==== PROVIDED DATA
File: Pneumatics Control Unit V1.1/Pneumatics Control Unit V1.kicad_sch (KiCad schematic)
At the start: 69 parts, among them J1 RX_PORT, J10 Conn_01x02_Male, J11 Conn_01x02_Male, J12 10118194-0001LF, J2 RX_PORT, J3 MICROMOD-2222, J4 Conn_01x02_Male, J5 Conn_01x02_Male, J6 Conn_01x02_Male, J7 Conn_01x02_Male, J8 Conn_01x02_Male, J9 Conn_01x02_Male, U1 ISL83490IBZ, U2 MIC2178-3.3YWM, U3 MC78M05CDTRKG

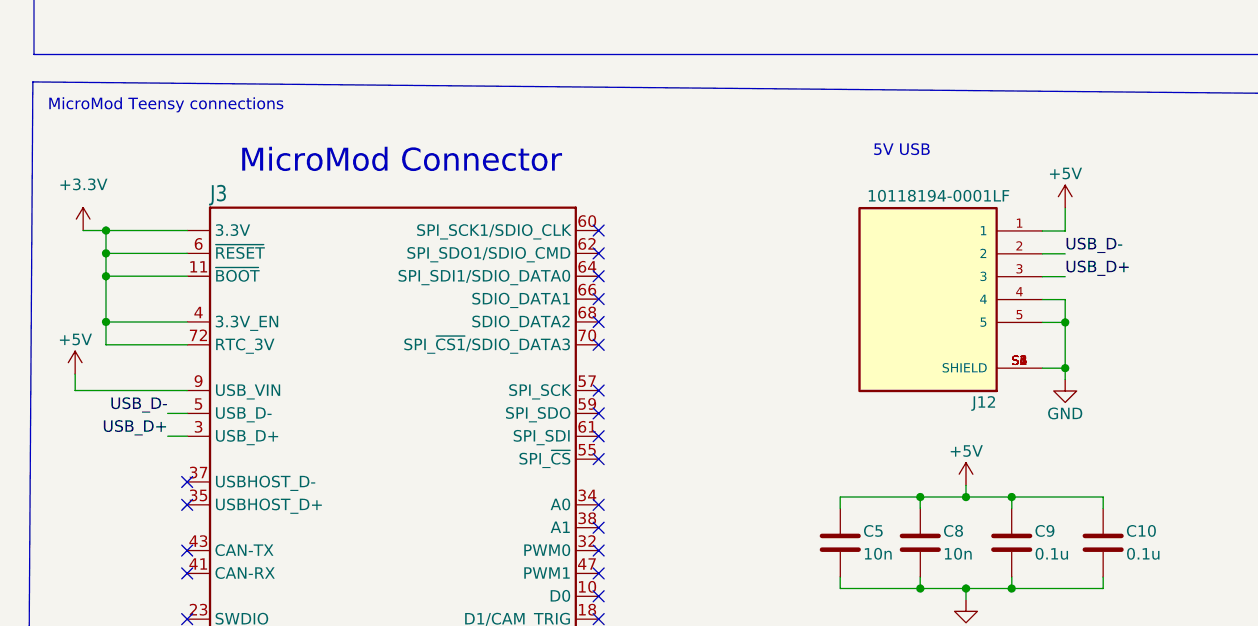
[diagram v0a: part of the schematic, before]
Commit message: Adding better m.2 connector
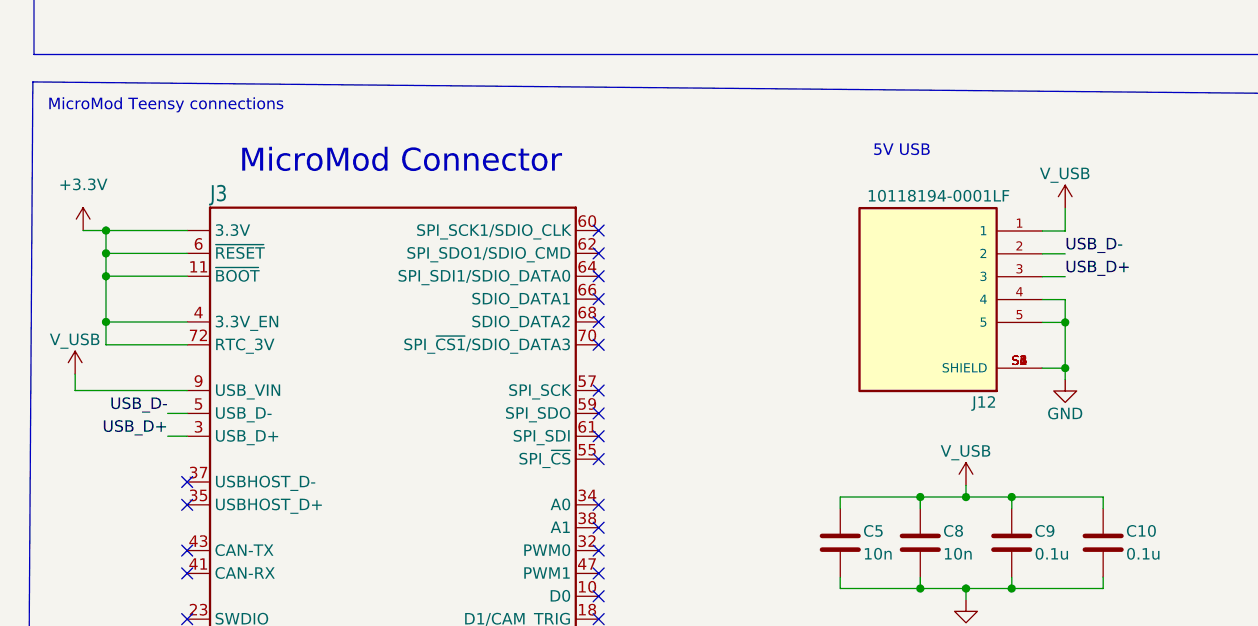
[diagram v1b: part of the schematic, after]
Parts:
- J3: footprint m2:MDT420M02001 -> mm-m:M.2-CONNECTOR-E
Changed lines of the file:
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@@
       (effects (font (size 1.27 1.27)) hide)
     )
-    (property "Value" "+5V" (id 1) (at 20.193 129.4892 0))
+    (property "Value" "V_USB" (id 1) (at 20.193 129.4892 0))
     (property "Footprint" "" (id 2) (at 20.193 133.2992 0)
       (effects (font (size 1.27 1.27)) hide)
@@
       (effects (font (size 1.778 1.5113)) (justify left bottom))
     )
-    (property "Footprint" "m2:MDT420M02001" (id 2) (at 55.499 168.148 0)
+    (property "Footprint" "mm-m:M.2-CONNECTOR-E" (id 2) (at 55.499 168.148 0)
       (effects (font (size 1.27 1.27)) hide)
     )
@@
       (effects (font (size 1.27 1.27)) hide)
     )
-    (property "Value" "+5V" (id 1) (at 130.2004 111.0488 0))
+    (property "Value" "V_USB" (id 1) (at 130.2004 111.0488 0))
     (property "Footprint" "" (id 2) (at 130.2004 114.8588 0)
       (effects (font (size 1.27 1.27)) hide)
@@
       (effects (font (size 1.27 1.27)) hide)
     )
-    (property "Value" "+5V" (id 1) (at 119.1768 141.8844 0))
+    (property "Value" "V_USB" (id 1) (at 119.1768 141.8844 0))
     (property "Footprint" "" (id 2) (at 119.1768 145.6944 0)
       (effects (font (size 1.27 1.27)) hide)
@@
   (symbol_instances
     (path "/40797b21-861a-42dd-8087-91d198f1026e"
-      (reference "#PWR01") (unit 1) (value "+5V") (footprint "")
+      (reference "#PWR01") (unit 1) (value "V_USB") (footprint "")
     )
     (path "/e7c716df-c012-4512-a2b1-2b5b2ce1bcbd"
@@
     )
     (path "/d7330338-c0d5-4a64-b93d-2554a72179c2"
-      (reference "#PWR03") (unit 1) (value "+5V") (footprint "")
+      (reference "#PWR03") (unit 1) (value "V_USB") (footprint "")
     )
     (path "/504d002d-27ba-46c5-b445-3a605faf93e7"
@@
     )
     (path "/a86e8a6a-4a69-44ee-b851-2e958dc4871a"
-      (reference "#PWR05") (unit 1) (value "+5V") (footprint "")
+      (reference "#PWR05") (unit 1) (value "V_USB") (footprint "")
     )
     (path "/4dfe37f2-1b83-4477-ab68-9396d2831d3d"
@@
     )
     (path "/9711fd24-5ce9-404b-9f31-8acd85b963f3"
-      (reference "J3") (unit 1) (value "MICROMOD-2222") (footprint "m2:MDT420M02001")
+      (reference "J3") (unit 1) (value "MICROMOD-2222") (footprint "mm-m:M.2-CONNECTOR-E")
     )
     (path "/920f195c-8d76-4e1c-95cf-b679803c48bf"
========
■ WORK TO BE COMPLETED: The task calls for all lines in the entries that hold "MICROMOD".

■ WRITTEN ANSWER:
At the start: 69 parts, among them J1 RX_PORT, J10 Conn_01x02_Male, J11 Conn_01x02_Male, J12 10118194-0001LF, J2 RX_PORT, J3 MICROMOD-2222, J4 Conn_01x02_Male, J5 Conn_01x02_Male, J6 Conn_01x02_Male, J7 Conn_01x02_Male, J8 Conn_01x02_Male, J9 Conn_01x02_Male, U1 ISL83490IBZ, U2 MIC2178-3.3YWM, U3 MC78M05CDTRKG
-      (reference "J3") (unit 1) (value "MICROMOD-2222") (footprint "m2:MDT420M02001")
+      (reference "J3") (unit 1) (value "MICROMOD-2222") (footprint "mm-m:M.2-CONNECTOR-E")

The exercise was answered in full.